Baunei/Ogliastra: South of Cala Gonone, accessed by a winding mountain road or a roundabout trip on the highway. In addition to offering hiking access to the Goloritzè spire, this area holds the wild seaside mini-wall of Punta Giradili (routes up to 12 pitches). Nearby Villagio Gallico is an excellent crag within day-trip distance from Cala Gonone. The main cragging area, Jerzu, is high in the mountains—a good destination in warmer months. The Lemon House in Lotzorai is a good central basecamp; the British expat owners, Peter and Anne Herold, have a wealth of information on local climbing and mountain biking (peteranne.it).

Isili: One of the big centers of Sardinian sport climbing, these crags in south central Sardinia are famous for juggy, pocketed overhangs. Best for climbs 5.11 and up.

Iglesias: Closest major climbing center to Cagliari in the south of the island. The main area, Domusnovas, has more than 500 bolted routes at all angles.

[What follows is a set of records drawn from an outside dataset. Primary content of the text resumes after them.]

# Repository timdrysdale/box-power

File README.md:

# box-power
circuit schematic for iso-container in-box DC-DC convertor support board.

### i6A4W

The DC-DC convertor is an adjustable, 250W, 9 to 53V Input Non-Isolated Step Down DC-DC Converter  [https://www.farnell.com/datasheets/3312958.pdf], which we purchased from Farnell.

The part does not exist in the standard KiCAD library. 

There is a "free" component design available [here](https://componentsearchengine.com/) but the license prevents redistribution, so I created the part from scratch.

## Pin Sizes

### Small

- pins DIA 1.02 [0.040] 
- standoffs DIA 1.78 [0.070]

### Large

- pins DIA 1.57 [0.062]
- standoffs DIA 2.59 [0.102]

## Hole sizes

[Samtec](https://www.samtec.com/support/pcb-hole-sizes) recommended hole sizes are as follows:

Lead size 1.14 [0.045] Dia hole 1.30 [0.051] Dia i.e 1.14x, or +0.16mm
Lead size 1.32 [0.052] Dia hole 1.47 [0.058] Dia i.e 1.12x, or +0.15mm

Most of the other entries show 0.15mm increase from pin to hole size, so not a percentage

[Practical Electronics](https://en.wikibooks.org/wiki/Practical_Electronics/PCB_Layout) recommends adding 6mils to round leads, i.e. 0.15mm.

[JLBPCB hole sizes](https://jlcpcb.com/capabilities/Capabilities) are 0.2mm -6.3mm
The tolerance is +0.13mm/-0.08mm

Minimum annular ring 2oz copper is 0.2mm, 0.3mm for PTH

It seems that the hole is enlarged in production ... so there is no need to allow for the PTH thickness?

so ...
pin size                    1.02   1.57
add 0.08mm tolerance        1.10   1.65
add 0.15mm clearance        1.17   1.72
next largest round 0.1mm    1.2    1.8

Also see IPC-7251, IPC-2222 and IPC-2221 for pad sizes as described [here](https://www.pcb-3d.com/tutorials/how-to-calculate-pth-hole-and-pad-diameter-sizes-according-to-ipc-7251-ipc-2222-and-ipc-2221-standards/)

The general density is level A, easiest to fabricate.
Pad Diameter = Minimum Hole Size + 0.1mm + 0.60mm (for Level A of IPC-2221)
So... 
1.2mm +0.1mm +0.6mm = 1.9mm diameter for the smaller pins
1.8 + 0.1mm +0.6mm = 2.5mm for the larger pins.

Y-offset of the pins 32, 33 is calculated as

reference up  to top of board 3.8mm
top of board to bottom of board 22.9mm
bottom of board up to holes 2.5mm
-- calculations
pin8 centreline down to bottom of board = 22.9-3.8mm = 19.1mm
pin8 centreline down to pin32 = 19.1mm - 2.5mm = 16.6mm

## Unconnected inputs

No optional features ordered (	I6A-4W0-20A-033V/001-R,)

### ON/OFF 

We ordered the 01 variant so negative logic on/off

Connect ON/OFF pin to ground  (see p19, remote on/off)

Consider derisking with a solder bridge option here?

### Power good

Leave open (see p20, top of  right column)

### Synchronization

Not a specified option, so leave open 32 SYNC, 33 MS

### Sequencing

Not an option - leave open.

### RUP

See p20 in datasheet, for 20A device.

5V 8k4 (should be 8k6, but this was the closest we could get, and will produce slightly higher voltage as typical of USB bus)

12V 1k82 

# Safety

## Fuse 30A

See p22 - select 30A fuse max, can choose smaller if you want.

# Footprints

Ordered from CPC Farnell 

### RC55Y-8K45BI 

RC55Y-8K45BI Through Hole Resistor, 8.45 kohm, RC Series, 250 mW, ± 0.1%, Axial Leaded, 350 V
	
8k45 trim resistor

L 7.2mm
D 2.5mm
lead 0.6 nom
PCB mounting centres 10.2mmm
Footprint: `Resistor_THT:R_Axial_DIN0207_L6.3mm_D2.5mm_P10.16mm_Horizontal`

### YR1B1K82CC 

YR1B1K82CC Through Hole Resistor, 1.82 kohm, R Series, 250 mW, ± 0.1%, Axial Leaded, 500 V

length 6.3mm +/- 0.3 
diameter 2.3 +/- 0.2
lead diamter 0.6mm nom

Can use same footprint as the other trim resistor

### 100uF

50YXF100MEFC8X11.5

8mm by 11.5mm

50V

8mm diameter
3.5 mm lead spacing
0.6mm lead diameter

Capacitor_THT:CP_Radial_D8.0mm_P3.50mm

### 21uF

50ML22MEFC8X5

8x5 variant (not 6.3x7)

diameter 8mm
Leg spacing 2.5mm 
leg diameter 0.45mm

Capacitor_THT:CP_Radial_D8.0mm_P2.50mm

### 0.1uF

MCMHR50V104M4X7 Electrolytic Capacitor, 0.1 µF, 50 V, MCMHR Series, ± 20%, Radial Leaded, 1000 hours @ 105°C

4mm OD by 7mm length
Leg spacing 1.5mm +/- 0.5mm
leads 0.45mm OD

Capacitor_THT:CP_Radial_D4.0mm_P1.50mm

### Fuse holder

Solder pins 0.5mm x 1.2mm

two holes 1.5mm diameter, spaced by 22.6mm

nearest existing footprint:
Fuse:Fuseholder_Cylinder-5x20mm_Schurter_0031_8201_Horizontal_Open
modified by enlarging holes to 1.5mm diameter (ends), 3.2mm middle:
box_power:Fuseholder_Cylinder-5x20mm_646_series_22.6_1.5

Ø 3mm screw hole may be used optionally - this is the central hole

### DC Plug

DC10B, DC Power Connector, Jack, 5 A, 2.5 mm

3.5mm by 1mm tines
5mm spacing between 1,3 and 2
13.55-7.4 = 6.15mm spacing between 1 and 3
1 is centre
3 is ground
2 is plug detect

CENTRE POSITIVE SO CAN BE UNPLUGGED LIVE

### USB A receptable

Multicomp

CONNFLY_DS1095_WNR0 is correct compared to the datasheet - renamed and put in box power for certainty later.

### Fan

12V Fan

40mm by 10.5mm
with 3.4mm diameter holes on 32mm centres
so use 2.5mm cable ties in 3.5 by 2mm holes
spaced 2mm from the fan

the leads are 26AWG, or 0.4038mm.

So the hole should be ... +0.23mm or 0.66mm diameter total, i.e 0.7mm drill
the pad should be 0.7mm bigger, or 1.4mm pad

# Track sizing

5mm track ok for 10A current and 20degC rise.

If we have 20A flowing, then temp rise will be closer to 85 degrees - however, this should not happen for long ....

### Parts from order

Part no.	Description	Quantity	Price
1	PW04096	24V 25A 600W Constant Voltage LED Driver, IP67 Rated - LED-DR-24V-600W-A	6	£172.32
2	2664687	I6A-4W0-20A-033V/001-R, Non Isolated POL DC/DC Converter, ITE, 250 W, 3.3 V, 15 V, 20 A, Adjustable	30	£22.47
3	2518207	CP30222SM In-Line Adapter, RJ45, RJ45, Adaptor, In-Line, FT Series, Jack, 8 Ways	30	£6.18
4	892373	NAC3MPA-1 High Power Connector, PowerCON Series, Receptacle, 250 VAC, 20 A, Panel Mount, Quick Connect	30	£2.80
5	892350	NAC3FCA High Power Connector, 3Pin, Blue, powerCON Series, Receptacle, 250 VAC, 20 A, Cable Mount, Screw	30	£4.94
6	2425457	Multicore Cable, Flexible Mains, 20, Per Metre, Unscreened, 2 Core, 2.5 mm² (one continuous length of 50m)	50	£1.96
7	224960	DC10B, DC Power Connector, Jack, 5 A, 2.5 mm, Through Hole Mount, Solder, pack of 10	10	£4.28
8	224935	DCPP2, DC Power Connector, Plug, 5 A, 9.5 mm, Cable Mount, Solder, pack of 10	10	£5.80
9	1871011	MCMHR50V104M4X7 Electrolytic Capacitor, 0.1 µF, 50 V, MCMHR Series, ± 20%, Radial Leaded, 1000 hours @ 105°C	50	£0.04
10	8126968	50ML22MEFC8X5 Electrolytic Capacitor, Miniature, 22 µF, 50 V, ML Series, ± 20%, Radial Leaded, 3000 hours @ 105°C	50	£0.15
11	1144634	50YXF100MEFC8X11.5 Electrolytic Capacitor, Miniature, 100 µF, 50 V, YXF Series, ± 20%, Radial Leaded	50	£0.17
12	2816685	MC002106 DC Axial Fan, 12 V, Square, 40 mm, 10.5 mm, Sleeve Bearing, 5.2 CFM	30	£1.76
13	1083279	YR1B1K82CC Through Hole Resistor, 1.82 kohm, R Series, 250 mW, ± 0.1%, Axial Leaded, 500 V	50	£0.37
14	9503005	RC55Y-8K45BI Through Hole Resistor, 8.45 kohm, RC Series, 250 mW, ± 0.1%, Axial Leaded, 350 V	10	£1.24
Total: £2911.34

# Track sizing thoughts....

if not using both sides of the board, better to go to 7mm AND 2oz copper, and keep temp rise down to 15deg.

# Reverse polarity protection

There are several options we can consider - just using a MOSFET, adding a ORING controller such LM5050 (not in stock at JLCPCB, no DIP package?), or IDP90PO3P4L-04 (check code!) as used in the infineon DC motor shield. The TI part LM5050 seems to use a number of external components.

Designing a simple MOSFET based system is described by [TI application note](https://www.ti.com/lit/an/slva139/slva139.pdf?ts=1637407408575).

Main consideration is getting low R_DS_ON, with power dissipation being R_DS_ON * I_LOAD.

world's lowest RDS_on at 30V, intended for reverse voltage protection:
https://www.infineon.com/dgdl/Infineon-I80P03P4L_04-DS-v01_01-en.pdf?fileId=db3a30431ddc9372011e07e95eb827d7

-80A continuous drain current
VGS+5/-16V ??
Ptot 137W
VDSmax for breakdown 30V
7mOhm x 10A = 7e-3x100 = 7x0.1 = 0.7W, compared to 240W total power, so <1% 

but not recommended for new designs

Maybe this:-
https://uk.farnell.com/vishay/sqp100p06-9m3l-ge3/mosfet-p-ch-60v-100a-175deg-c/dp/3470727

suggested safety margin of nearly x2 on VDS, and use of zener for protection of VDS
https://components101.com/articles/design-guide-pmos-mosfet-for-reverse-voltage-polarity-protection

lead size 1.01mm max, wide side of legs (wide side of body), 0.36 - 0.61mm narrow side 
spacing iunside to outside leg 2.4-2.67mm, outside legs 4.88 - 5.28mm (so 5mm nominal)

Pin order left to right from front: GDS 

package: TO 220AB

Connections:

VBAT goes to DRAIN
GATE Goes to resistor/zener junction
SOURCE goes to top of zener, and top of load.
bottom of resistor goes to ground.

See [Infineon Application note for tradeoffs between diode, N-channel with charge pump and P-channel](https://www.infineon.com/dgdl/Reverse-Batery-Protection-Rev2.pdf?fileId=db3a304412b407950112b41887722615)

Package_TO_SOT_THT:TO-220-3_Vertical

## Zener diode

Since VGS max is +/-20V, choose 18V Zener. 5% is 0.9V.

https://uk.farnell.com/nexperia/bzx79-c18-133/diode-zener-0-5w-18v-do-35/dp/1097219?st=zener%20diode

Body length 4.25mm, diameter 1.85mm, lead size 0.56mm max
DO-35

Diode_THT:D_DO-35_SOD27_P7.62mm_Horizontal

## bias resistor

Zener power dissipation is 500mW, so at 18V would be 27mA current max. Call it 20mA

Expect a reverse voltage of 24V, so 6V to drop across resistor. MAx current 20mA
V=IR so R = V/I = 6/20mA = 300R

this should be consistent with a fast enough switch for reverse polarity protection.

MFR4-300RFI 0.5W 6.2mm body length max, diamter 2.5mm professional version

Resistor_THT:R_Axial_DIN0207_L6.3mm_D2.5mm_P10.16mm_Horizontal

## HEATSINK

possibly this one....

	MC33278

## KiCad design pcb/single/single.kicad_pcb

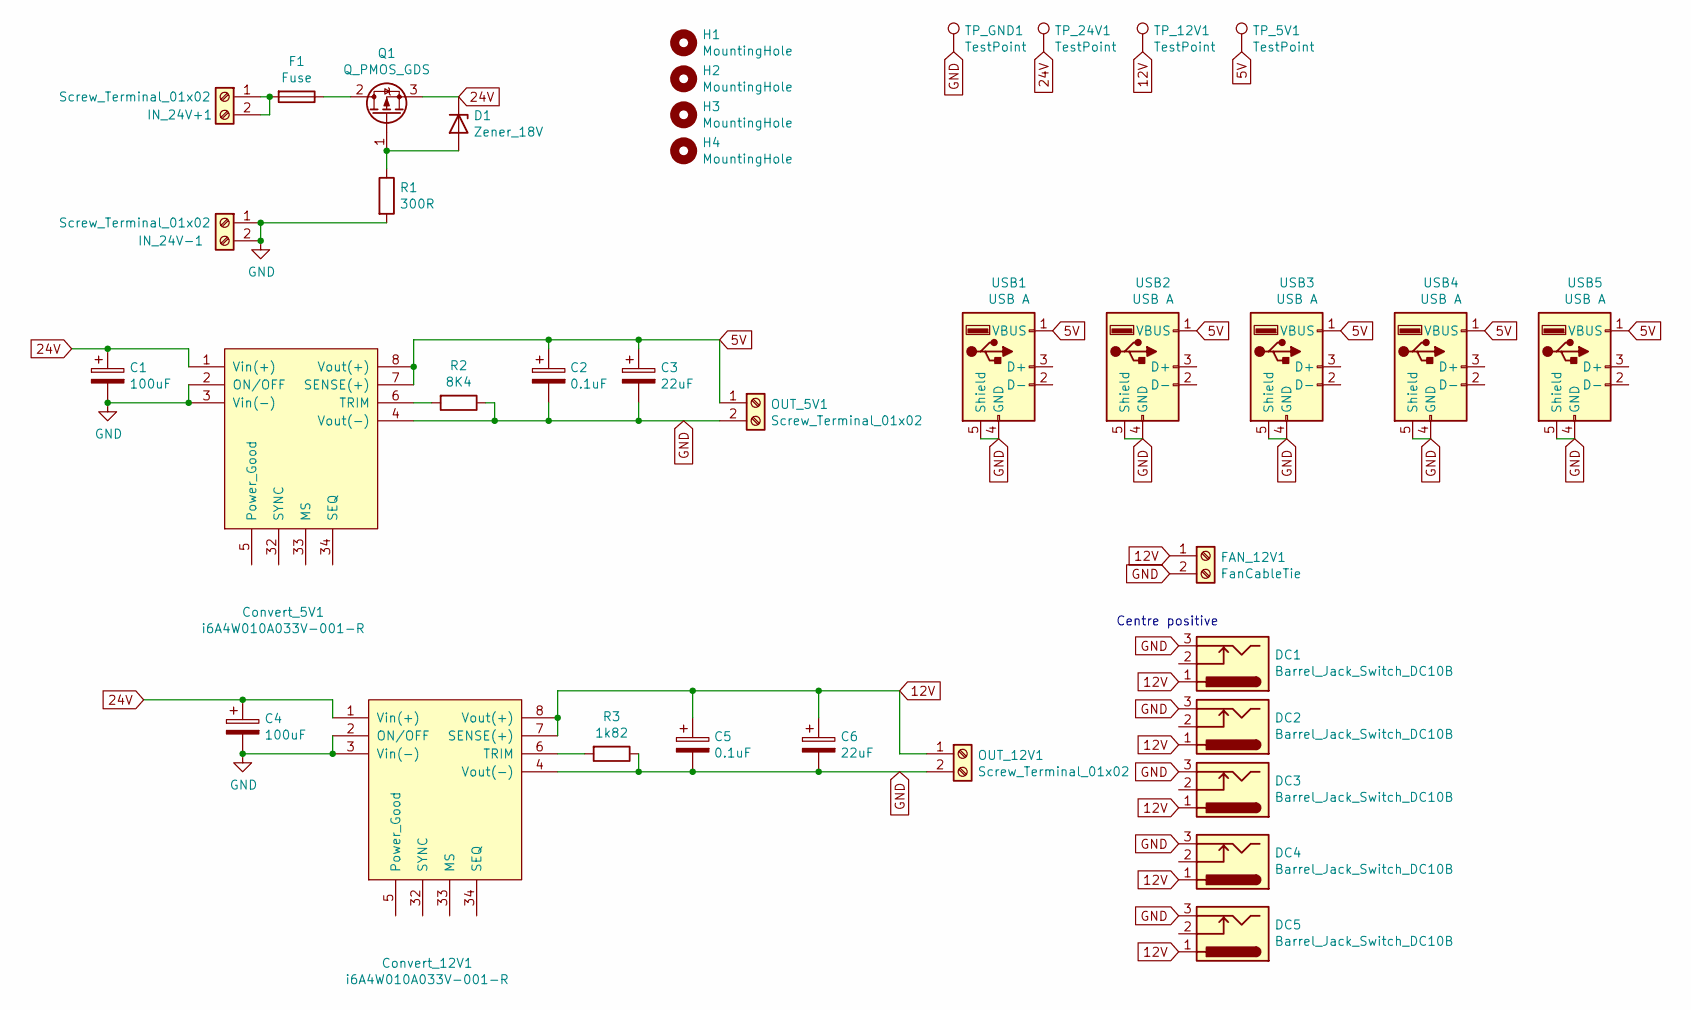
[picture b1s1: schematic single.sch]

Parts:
C1, C4: 100uF; CP_Radial_D8.0mm_P3.50mm
C2, C5: 0.1uF; CP_Radial_D4.0mm_P1.50mm
C3, C6: 22uF; CP_Radial_D8.0mm_P2.50mm
Convert_5V1, Convert_12V1: i6A4W010A033V-001-R; i6A4W-DIP
D1: Zener_18V; D_DO-35_SOD27_P7.62mm_Horizontal
DC1, DC2, DC3, DC4, DC5: Barrel_Jack_Switch_DC10B; BarrelJack_Horizontal_DC10B
F1: Fuse; Fuseholder_Cylinder-5x20mm_646_series_22.6_1.5
FAN_12V1: FanCableTie; Fan12V_40by10.5mm
H1, H2, H3, H4: MountingHole; MountingHole_3.2mm_M3
IN_24V+1, IN_24V-1: Screw_Terminal_01x02; TerminalBlock_bornier-2_P5.08mm
OUT_5V1, OUT_12V1: Screw_Terminal_01x02; TerminalBlock_bornier-2_P5.08mm
Q1: Q_PMOS_GDS; TO-220-3_Vertical
R1: 300R; R_Axial_DIN0207_L6.3mm_D2.5mm_P10.16mm_Horizontal
R2: 8K4; R_Axial_DIN0207_L6.3mm_D2.5mm_P10.16mm_Horizontal
R3: 1k82; R_Axial_DIN0207_L6.3mm_D2.5mm_P10.16mm_Horizontal
TP_5V1, TP_12V1, TP_24V1: TestPoint; TestPoint_Pad_D4.0mm
TP_GND1: TestPoint; TestPoint_Pad_D4.0mm
USB1, USB2, USB3, USB4, USB5: USB A; USB_A_CONNFLY_DS1095-WNR0

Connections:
5V: C2.1, C3.1, Convert_5V1.7 (SENSE(+)), Convert_5V1.8 (Vout(+)), OUT_5V1.1, TP_5V1.1, USB1.1 (VBUS), USB2.1 (VBUS), USB3.1 (VBUS), USB4.1 (VBUS), USB5.1 (VBUS)
12V: C5.1, C6.1, Convert_12V1.7 (SENSE(+)), Convert_12V1.8 (Vout(+)), DC1.1, DC2.1, DC3.1, DC4.1, DC5.1, FAN_12V1.1, OUT_12V1.1, TP_12V1.1
24V: C1.1, C4.1, Convert_5V1.1 (Vin(+)), Convert_12V1.1 (Vin(+)), D1.1 (K), Q1.3 (S), TP_24V1.1
GND: C1.2, C2.2, C3.2, C4.2, C5.2, C6.2, Convert_5V1.2 (ON/OFF), Convert_5V1.3 (Vin(-)), Convert_5V1.4 (Vout(-)), Convert_12V1.2 (ON/OFF), Convert_12V1.3 (Vin(-)), Convert_12V1.4 (Vout(-)), DC1.3, DC2.3, DC3.3, DC4.3, DC5.3, FAN_12V1.2, IN_24V-1.1, IN_24V-1.2, OUT_5V1.2, OUT_12V1.2, R1.2, R2.1, R3.1, TP_GND1.1, USB1.4 (GND), USB1.5 (Shield), USB2.4 (GND), USB2.5 (Shield), USB3.4 (GND), USB3.5 (Shield), USB4.4 (GND), USB4.5 (Shield), USB5.4 (GND), USB5.5 (Shield)
unnamed: Convert_5V1.6 (TRIM), R2.2
unnamed: Convert_12V1.6 (TRIM), R3.2
unnamed: D1.2 (A), Q1.1 (G), R1.1
unnamed: F1.1, Q1.2 (D)
unnamed: F1.2, IN_24V+1.1, IN_24V+1.2

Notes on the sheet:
Centre positive

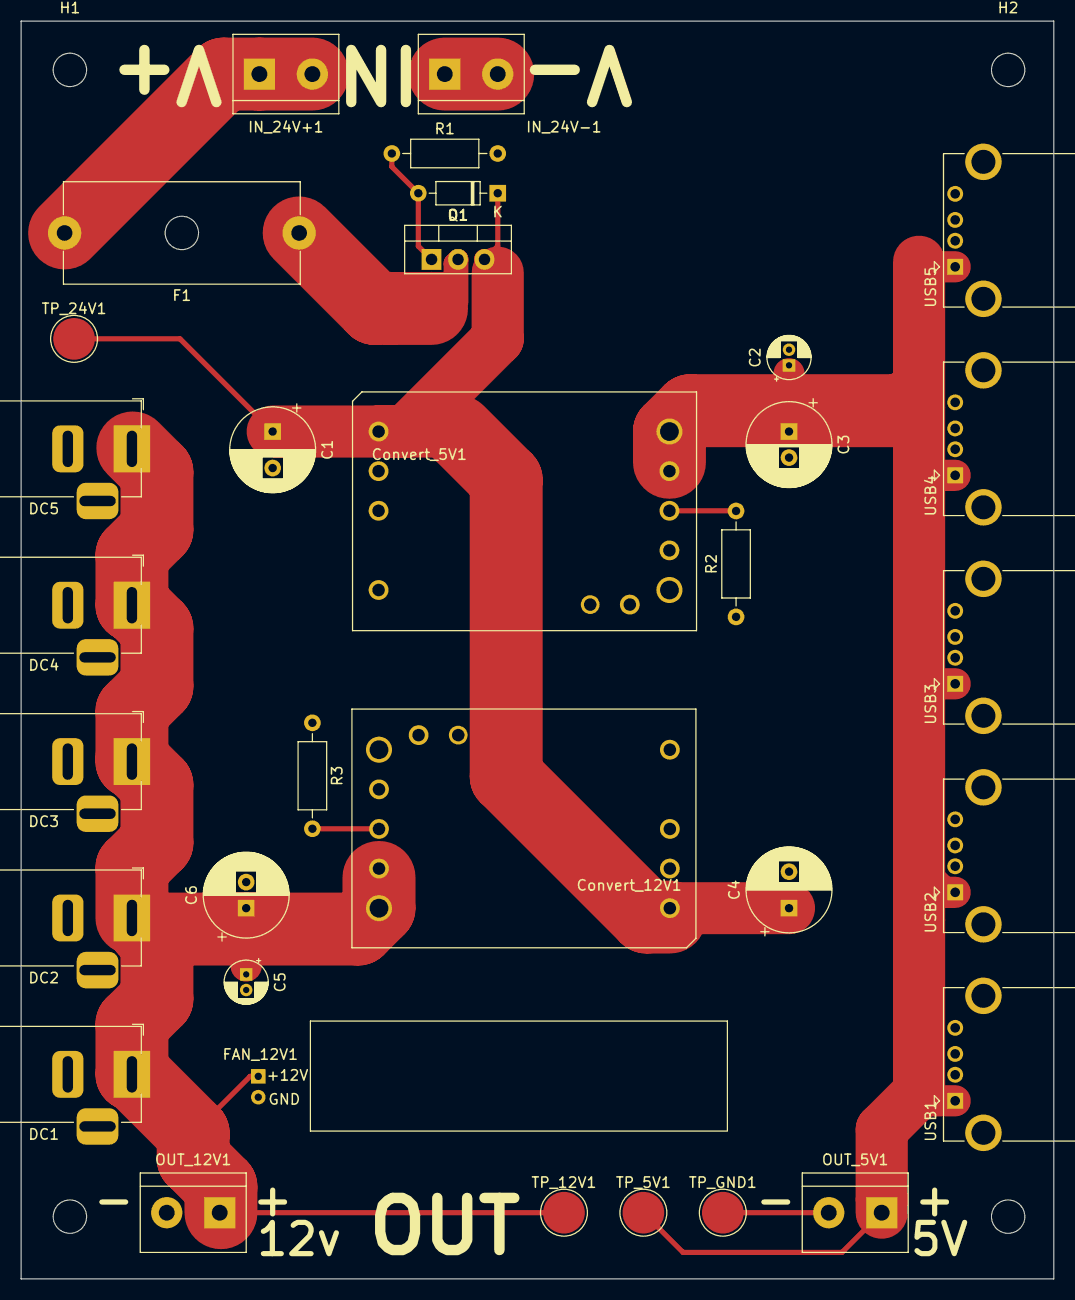
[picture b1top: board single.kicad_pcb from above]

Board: 2 copper layers, 99.1 x 120.7 mm, 37 parts (0 on the bottom side), 9 nets.

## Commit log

2021-11-08 Add schematic symbol for i6A4
2021-11-20 First routing attempt
2021-12-06 As ordered
2021-12-17 remove js

Sardinia Rock Climbing Sport Climbing
Sardinia Rock Climbing Sport Climbing
Photo: Maurizio Oviglia (2)

Sardinia Beta

Season
Summer is hot and crowded. Winter can be rainy. Spring and fall are perfetto.

Getting there
Fly direct from various European countries and rent a car or take a car ferry to Olbia in the north or Cagliari in the south. Olbia is closer to Cala Gonone; Cagliari has more flights and sits closer to the island’s other climbing spots.

Lodging
Cala Gonone has many hotels, but try an apartment finder like airbnb.com to find a place where you can cook at home instead of eating out (save money and exploit markets). There is also pleasant free camping in the woods along the road to Buchi Arta.

Food
Find several supermarkets in the town center; beware the midday closure, usually 1 to 3 p.m. A small deli on Via della Pineta has delicious pre-cooked dishes and is open during lunch.

Guidebooks
Maurizio Oviglia’s fifth edition of Pietra di Luna (€50, 2011, English edition) is the comprehensive guidebook for Sardinia, by its most prolific new-router. If you’re only climbing around Cala Gonone, Arrampicare a Cala Gonone (€20, 2013, with English beta) is cheaper and slightly more up-to-date, but it lacks the helpful star ratings of the Oviglia guide. Find both at climb-europe.com.

Boats
Many outfits by the port rent boats (fit 5 to 6 adults). The author’s cost was €60 to €70 plus gas (about €30 for a full day). Boat shuttles to Cala Luna are about €25 per person, round-trip.